Time Series Metrics System — Low-Level Design

A time series metrics system stores and queries measurements that change over time: server CPU, API latency, business KPIs, and IoT sensor readings. It must handle high write throughput, efficient range queries, and downsampling for long-term storage. This design is asked at Datadog, Netflix, and any company building observability infrastructure.

Core Data Model Options

Option 1: TimescaleDB (PostgreSQL extension for time series)

CREATE TABLE Metric (
    time        TIMESTAMPTZ NOT NULL,
    metric_name TEXT NOT NULL,
    tags        JSONB,              -- {'host': 'web-01', 'region': 'us-east'}
    value       DOUBLE PRECISION NOT NULL
);

-- Partition by time automatically (hypertable)
SELECT create_hypertable('Metric', 'time', chunk_time_interval => INTERVAL '1 day');

-- Index for fast name + time range queries
CREATE INDEX ON Metric(metric_name, time DESC);
-- Compress old chunks automatically
SELECT add_compression_policy('Metric', INTERVAL '7 days');

Option 2: Purpose-built TSDB (InfluxDB, Prometheus, VictoriaMetrics)
  Better compression, faster queries, but less SQL flexibility.
  Use for pure metrics workloads at scale.
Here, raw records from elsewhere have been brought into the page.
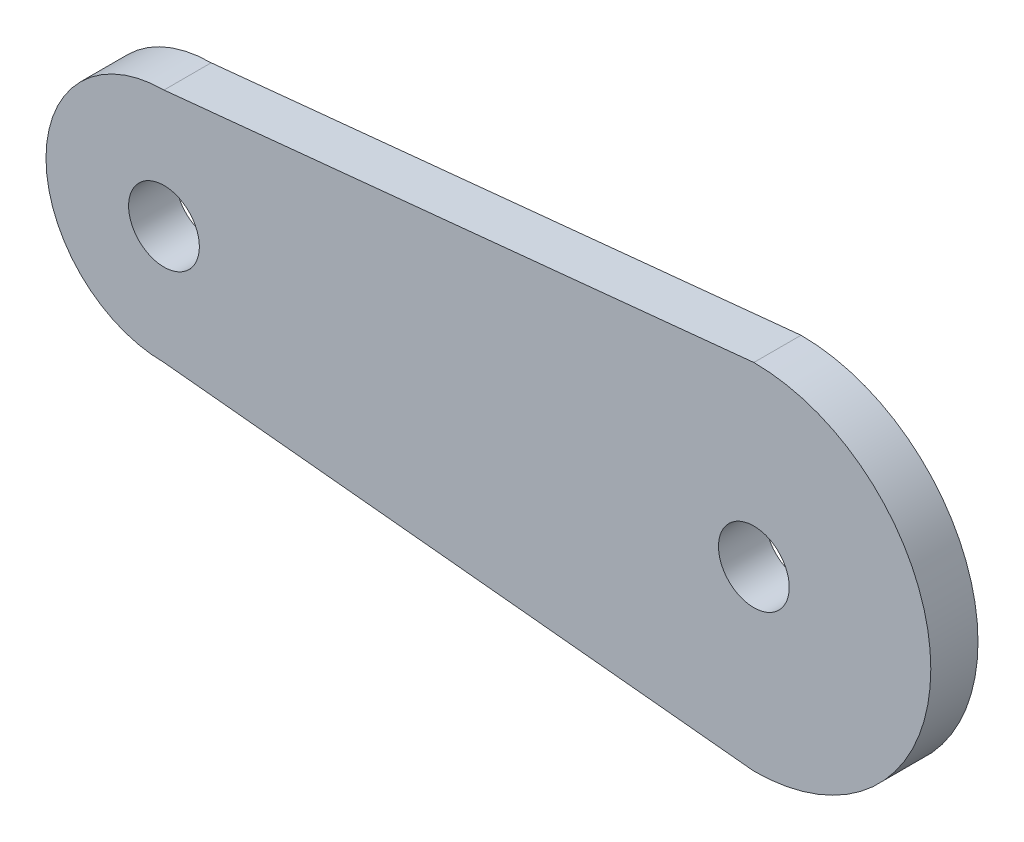
ISO-10303-21;
HEADER;
FILE_DESCRIPTION(('STEP AP214'),'2;1');
FILE_NAME('part.step','',(''),(''),'','','');
FILE_SCHEMA(('AUTOMOTIVE_DESIGN { 1 0 10303 214 1 1 1 1 }'));
ENDSEC;
DATA;
#1=APPLICATION_CONTEXT('core data for automotive mechanical design processes');
#2=APPLICATION_PROTOCOL_DEFINITION('international standard','automotive_design',2000,#1);
#3=PRODUCT_CONTEXT('',#1,'mechanical');
#4=PRODUCT('Part','Part','',(#3));
#5=PRODUCT_RELATED_PRODUCT_CATEGORY('part','',(#4));
#6=PRODUCT_DEFINITION_FORMATION('','',#4);
#7=PRODUCT_DEFINITION_CONTEXT('part definition',#1,'design');
#8=PRODUCT_DEFINITION('design','',#6,#7);
#9=PRODUCT_DEFINITION_SHAPE('','',#8);
#10=(LENGTH_UNIT() NAMED_UNIT(*) SI_UNIT(.MILLI.,.METRE.));
#11=(NAMED_UNIT(*) PLANE_ANGLE_UNIT() SI_UNIT($,.RADIAN.));
#12=(NAMED_UNIT(*) SI_UNIT($,.STERADIAN.) SOLID_ANGLE_UNIT());
#13=UNCERTAINTY_MEASURE_WITH_UNIT(LENGTH_MEASURE(1.E-05),#10,'distance_accuracy_value','');
#14=(GEOMETRIC_REPRESENTATION_CONTEXT(3) GLOBAL_UNCERTAINTY_ASSIGNED_CONTEXT((#13)) GLOBAL_UNIT_ASSIGNED_CONTEXT((#10,
#11,#12)) REPRESENTATION_CONTEXT('',''));
#15=CARTESIAN_POINT('',(0.,0.,0.));
#16=DIRECTION('',(0.,0.,1.));
#17=DIRECTION('',(1.,0.,0.));
#18=AXIS2_PLACEMENT_3D('',#15,#16,#17);
#19=CARTESIAN_POINT('',(0.,-5.,2.));
#20=DIRECTION('',(0.,0.,-1.));
#21=DIRECTION('',(-1.,0.,0.));
#22=AXIS2_PLACEMENT_3D('',#19,#20,#21);
#23=CYLINDRICAL_SURFACE('',#22,5.);
#24=CARTESIAN_POINT('',(0.,-5.,0.));
#25=DIRECTION('',(0.,0.,1.));
#26=DIRECTION('',(1.,0.,0.));
#27=AXIS2_PLACEMENT_3D('',#24,#25,#26);
#28=CIRCLE('',#27,5.);
#29=CARTESIAN_POINT('',(0.,0.,0.));
#30=VERTEX_POINT('',#29);
#31=CARTESIAN_POINT('',(0.,-10.,0.));
#32=VERTEX_POINT('',#31);
#33=EDGE_CURVE('E107',#30,#32,#28,.T.);
#34=ORIENTED_EDGE('',*,*,#33,.T.);
#35=DIRECTION('',(0.,0.,-1.));
#36=VECTOR('',#35,1.);
#37=CARTESIAN_POINT('',(0.,-10.,2.));
#38=LINE('',#37,#36);
#39=CARTESIAN_POINT('',(0.,-10.,2.));
#40=VERTEX_POINT('',#39);
#41=EDGE_CURVE('E11',#40,#32,#38,.T.);
#42=ORIENTED_EDGE('',*,*,#41,.F.);
#43=CARTESIAN_POINT('',(0.,-5.,2.));
#44=DIRECTION('',(0.,0.,1.));
#45=DIRECTION('',(1.,0.,0.));
#46=AXIS2_PLACEMENT_3D('',#43,#44,#45);
#47=CIRCLE('',#46,5.);
#48=CARTESIAN_POINT('',(0.,0.,2.));
#49=VERTEX_POINT('',#48);
#50=EDGE_CURVE('E87',#49,#40,#47,.T.);
#51=ORIENTED_EDGE('',*,*,#50,.F.);
#52=DIRECTION('',(0.,0.,-1.));
#53=VECTOR('',#52,1.);
#54=CARTESIAN_POINT('',(0.,0.,2.));
#55=LINE('',#54,#53);
#56=EDGE_CURVE('E53',#49,#30,#55,.T.);
#57=ORIENTED_EDGE('',*,*,#56,.T.);
#58=EDGE_LOOP('',(#34,#42,#51,#57));
#59=FACE_BOUND('',#58,.T.);
#60=ADVANCED_FACE('F37',(#59),#23,.T.);
#61=CARTESIAN_POINT('',(-0.990099009900988,-9.9009900990099,2.));
#62=DIRECTION('',(0.0995037190209987,0.995037190209989,0.));
#63=DIRECTION('',(-0.995037190209989,0.0995037190209987,0.));
#64=AXIS2_PLACEMENT_3D('',#61,#62,#63);
#65=PLANE('',#64);
#66=DIRECTION('',(0.995037190209989,-0.0995037190209987,0.));
#67=VECTOR('',#66,1.);
#68=CARTESIAN_POINT('',(-0.990099009900988,-9.9009900990099,0.));
#69=LINE('',#68,#67);
#70=CARTESIAN_POINT('',(25.,-12.5,0.));
#71=VERTEX_POINT('',#70);
#72=EDGE_CURVE('E92',#32,#71,#69,.T.);
#73=ORIENTED_EDGE('',*,*,#72,.T.);
#74=DIRECTION('',(0.,0.,-1.));
#75=VECTOR('',#74,1.);
#76=CARTESIAN_POINT('',(25.,-12.5,2.));
#77=LINE('',#76,#75);
#78=CARTESIAN_POINT('',(25.,-12.5,2.));
#79=VERTEX_POINT('',#78);
#80=EDGE_CURVE('E45',#79,#71,#77,.T.);
#81=ORIENTED_EDGE('',*,*,#80,.F.);
#82=DIRECTION('',(0.995037190209989,-0.0995037190209987,0.));
#83=VECTOR('',#82,1.);
#84=CARTESIAN_POINT('',(-0.990099009900988,-9.9009900990099,2.));
#85=LINE('',#84,#83);
#86=EDGE_CURVE('E78',#40,#79,#85,.T.);
#87=ORIENTED_EDGE('',*,*,#86,.F.);
#88=ORIENTED_EDGE('',*,*,#41,.T.);
#89=EDGE_LOOP('',(#73,#81,#87,#88));
#90=FACE_BOUND('',#89,.T.);
#91=ADVANCED_FACE('F91',(#90),#65,.F.);
#92=CARTESIAN_POINT('',(25.,-4.99999999999999,2.));
#93=DIRECTION('',(0.,0.,-1.));
#94=DIRECTION('',(-1.,0.,0.));
#95=AXIS2_PLACEMENT_3D('',#92,#93,#94);
#96=CYLINDRICAL_SURFACE('',#95,7.5);
#97=CARTESIAN_POINT('',(25.,-4.99999999999999,0.));
#98=DIRECTION('',(0.,0.,1.));
#99=DIRECTION('',(1.,0.,0.));
#100=AXIS2_PLACEMENT_3D('',#97,#98,#99);
#101=CIRCLE('',#100,7.5);
#102=CARTESIAN_POINT('',(25.,2.50000000000001,0.));
#103=VERTEX_POINT('',#102);
#104=EDGE_CURVE('E110',#103,#71,#101,.F.);
#105=ORIENTED_EDGE('',*,*,#104,.F.);
#106=DIRECTION('',(0.,0.,-1.));
#107=VECTOR('',#106,1.);
#108=CARTESIAN_POINT('',(25.,2.50000000000001,2.));
#109=LINE('',#108,#107);
#110=CARTESIAN_POINT('',(25.,2.50000000000001,2.));
#111=VERTEX_POINT('',#110);
#112=EDGE_CURVE('E67',#111,#103,#109,.T.);
#113=ORIENTED_EDGE('',*,*,#112,.F.);
#114=CARTESIAN_POINT('',(25.,-4.99999999999999,2.));
#115=DIRECTION('',(0.,0.,1.));
#116=DIRECTION('',(1.,0.,0.));
#117=AXIS2_PLACEMENT_3D('',#114,#115,#116);
#118=CIRCLE('',#117,7.5);
#119=EDGE_CURVE('E86',#111,#79,#118,.F.);
#120=ORIENTED_EDGE('',*,*,#119,.T.);
#121=ORIENTED_EDGE('',*,*,#80,.T.);
#122=EDGE_LOOP('',(#105,#113,#120,#121));
#123=FACE_BOUND('',#122,.T.);
#124=ADVANCED_FACE('F95',(#123),#96,.T.);
#125=CARTESIAN_POINT('',(0.,-5.,2.));
#126=DIRECTION('',(0.,0.,-1.));
#127=DIRECTION('',(-1.,0.,0.));
#128=AXIS2_PLACEMENT_3D('',#125,#126,#127);
#129=CYLINDRICAL_SURFACE('',#128,1.5);
#130=CARTESIAN_POINT('',(0.,-5.,2.));
#131=DIRECTION('',(0.,0.,1.));
#132=DIRECTION('',(1.,0.,0.));
#133=AXIS2_PLACEMENT_3D('',#130,#131,#132);
#134=CIRCLE('',#133,1.5);
#135=CARTESIAN_POINT('',(1.5,-5.,2.));
#136=VERTEX_POINT('',#135);
#137=EDGE_CURVE('E98',#136,#136,#134,.T.);
#138=ORIENTED_EDGE('',*,*,#137,.T.);
#139=EDGE_LOOP('',(#138));
#140=FACE_BOUND('',#139,.T.);
#141=CARTESIAN_POINT('',(0.,-5.,0.));
#142=DIRECTION('',(0.,0.,1.));
#143=DIRECTION('',(1.,0.,0.));
#144=AXIS2_PLACEMENT_3D('',#141,#142,#143);
#145=CIRCLE('',#144,1.5);
#146=CARTESIAN_POINT('',(1.5,-5.,0.));
#147=VERTEX_POINT('',#146);
#148=EDGE_CURVE('E115',#147,#147,#145,.T.);
#149=ORIENTED_EDGE('',*,*,#148,.F.);
#150=EDGE_LOOP('',(#149));
#151=FACE_BOUND('',#150,.T.);
#152=ADVANCED_FACE('F136',(#140,#151),#129,.F.);
#153=CARTESIAN_POINT('',(0.,0.,2.));
#154=DIRECTION('',(-0.0995037190209991,0.995037190209989,0.));
#155=DIRECTION('',(-0.995037190209989,-0.0995037190209992,0.));
#156=AXIS2_PLACEMENT_3D('',#153,#154,#155);
#157=PLANE('',#156);
#158=DIRECTION('',(0.995037190209989,0.0995037190209992,0.));
#159=VECTOR('',#158,1.);
#160=CARTESIAN_POINT('',(0.,0.,0.));
#161=LINE('',#160,#159);
#162=EDGE_CURVE('E112',#30,#103,#161,.T.);
#163=ORIENTED_EDGE('',*,*,#162,.F.);
#164=ORIENTED_EDGE('',*,*,#56,.F.);
#165=DIRECTION('',(0.995037190209989,0.0995037190209992,0.));
#166=VECTOR('',#165,1.);
#167=CARTESIAN_POINT('',(0.,0.,2.));
#168=LINE('',#167,#166);
#169=EDGE_CURVE('E96',#49,#111,#168,.T.);
#170=ORIENTED_EDGE('',*,*,#169,.T.);
#171=ORIENTED_EDGE('',*,*,#112,.T.);
#172=EDGE_LOOP('',(#163,#164,#170,#171));
#173=FACE_BOUND('',#172,.T.);
#174=ADVANCED_FACE('F128',(#173),#157,.T.);
#175=CARTESIAN_POINT('',(25.,-4.99999999999999,2.));
#176=DIRECTION('',(0.,0.,-1.));
#177=DIRECTION('',(-1.,0.,0.));
#178=AXIS2_PLACEMENT_3D('',#175,#176,#177);
#179=CYLINDRICAL_SURFACE('',#178,1.5);
#180=CARTESIAN_POINT('',(25.,-4.99999999999999,2.));
#181=DIRECTION('',(0.,0.,1.));
#182=DIRECTION('',(1.,0.,0.));
#183=AXIS2_PLACEMENT_3D('',#180,#181,#182);
#184=CIRCLE('',#183,1.5);
#185=CARTESIAN_POINT('',(26.5,-4.99999999999999,2.));
#186=VERTEX_POINT('',#185);
#187=EDGE_CURVE('E104',#186,#186,#184,.T.);
#188=ORIENTED_EDGE('',*,*,#187,.T.);
#189=EDGE_LOOP('',(#188));
#190=FACE_BOUND('',#189,.T.);
#191=CARTESIAN_POINT('',(25.,-4.99999999999999,0.));
#192=DIRECTION('',(0.,0.,1.));
#193=DIRECTION('',(1.,0.,0.));
#194=AXIS2_PLACEMENT_3D('',#191,#192,#193);
#195=CIRCLE('',#194,1.5);
#196=CARTESIAN_POINT('',(26.5,-4.99999999999999,0.));
#197=VERTEX_POINT('',#196);
#198=EDGE_CURVE('E118',#197,#197,#195,.T.);
#199=ORIENTED_EDGE('',*,*,#198,.F.);
#200=EDGE_LOOP('',(#199));
#201=FACE_BOUND('',#200,.T.);
#202=ADVANCED_FACE('F126',(#190,#201),#179,.F.);
#203=CARTESIAN_POINT('',(0.,0.,2.));
#204=DIRECTION('',(0.,0.,1.));
#205=DIRECTION('',(1.,0.,0.));
#206=AXIS2_PLACEMENT_3D('',#203,#204,#205);
#207=PLANE('',#206);
#208=ORIENTED_EDGE('',*,*,#50,.T.);
#209=ORIENTED_EDGE('',*,*,#86,.T.);
#210=ORIENTED_EDGE('',*,*,#119,.F.);
#211=ORIENTED_EDGE('',*,*,#169,.F.);
#212=EDGE_LOOP('',(#208,#209,#210,#211));
#213=FACE_BOUND('',#212,.T.);
#214=ORIENTED_EDGE('',*,*,#137,.F.);
#215=EDGE_LOOP('',(#214));
#216=FACE_BOUND('',#215,.T.);
#217=ORIENTED_EDGE('',*,*,#187,.F.);
#218=EDGE_LOOP('',(#217));
#219=FACE_BOUND('',#218,.T.);
#220=ADVANCED_FACE('F82',(#213,#216,#219),#207,.T.);
#221=CARTESIAN_POINT('',(0.,0.,0.));
#222=DIRECTION('',(0.,0.,1.));
#223=DIRECTION('',(1.,0.,0.));
#224=AXIS2_PLACEMENT_3D('',#221,#222,#223);
#225=PLANE('',#224);
#226=ORIENTED_EDGE('',*,*,#33,.F.);
#227=ORIENTED_EDGE('',*,*,#162,.T.);
#228=ORIENTED_EDGE('',*,*,#104,.T.);
#229=ORIENTED_EDGE('',*,*,#72,.F.);
#230=EDGE_LOOP('',(#226,#227,#228,#229));
#231=FACE_BOUND('',#230,.T.);
#232=ORIENTED_EDGE('',*,*,#148,.T.);
#233=EDGE_LOOP('',(#232));
#234=FACE_BOUND('',#233,.T.);
#235=ORIENTED_EDGE('',*,*,#198,.T.);
#236=EDGE_LOOP('',(#235));
#237=FACE_BOUND('',#236,.T.);
#238=ADVANCED_FACE('F124',(#231,#234,#237),#225,.F.);
#239=CLOSED_SHELL('',(#60,#91,#124,#152,#174,#202,#220,#238));
#240=MANIFOLD_SOLID_BREP('B2',#239);
#241=ADVANCED_BREP_SHAPE_REPRESENTATION('',(#18,#240),#14);
#242=SHAPE_DEFINITION_REPRESENTATION(#9,#241);
ENDSEC;
END-ISO-10303-21;

Option 3: Wide-column (Cassandra/Bigtable)
  Row key: (metric_name, time_bucket). Columns: timestamps.
  Excellent write throughput, good for streaming reads.

Write Path: Batching and Buffering

class MetricsBuffer:
    """Buffer metrics in memory, flush every 10 seconds."""
    def __init__(self, flush_interval=10, max_buffer=10000):
        self._buffer = []
        self._lock = threading.Lock()
        self._flush_interval = flush_interval
        self._start_flush_thread()

    def record(self, metric_name, value, tags=None, timestamp=None):
        with self._lock:
            self._buffer.append({
                'time': timestamp or now(),
                'metric_name': metric_name,
                'tags': tags or {},
                'value': value,
            })
            if len(self._buffer) >= 10000:
                self._flush_sync()

    def _flush(self):
        with self._lock:
            if not self._buffer:
                return
            batch = self._buffer
            self._buffer = []

        # Bulk insert to TimescaleDB
        db.execute("""
            INSERT INTO Metric (time, metric_name, tags, value)
            SELECT * FROM UNNEST(%(times)s, %(names)s, %(tags)s, %(values)s)
        """, {
            'times': [r['time'] for r in batch],
            'names': [r['metric_name'] for r in batch],
            'tags': [json.dumps(r['tags']) for r in batch],
            'values': [r['value'] for r in batch],
        })

Query: Aggregated Time Range

def query_metrics(metric_name, start, end, interval='5m',
                  aggregation='avg', tag_filters=None):
    """
    Return aggregated metric values bucketed by time interval.
    interval: '1m', '5m', '1h', '1d'
    aggregation: 'avg', 'max', 'min', 'sum', 'count', 'p99'
    """
    agg_func = {
        'avg': 'AVG(value)',
        'max': 'MAX(value)',
        'min': 'MIN(value)',
        'sum': 'SUM(value)',
        'count': 'COUNT(*)',
        'p99': 'percentile_cont(0.99) WITHIN GROUP (ORDER BY value)',
    }[aggregation]

    tag_clause = ''
    if tag_filters:
        conditions = [f"tags->>'{k}' = '{v}'" for k, v in tag_filters.items()]
        tag_clause = 'AND ' + ' AND '.join(conditions)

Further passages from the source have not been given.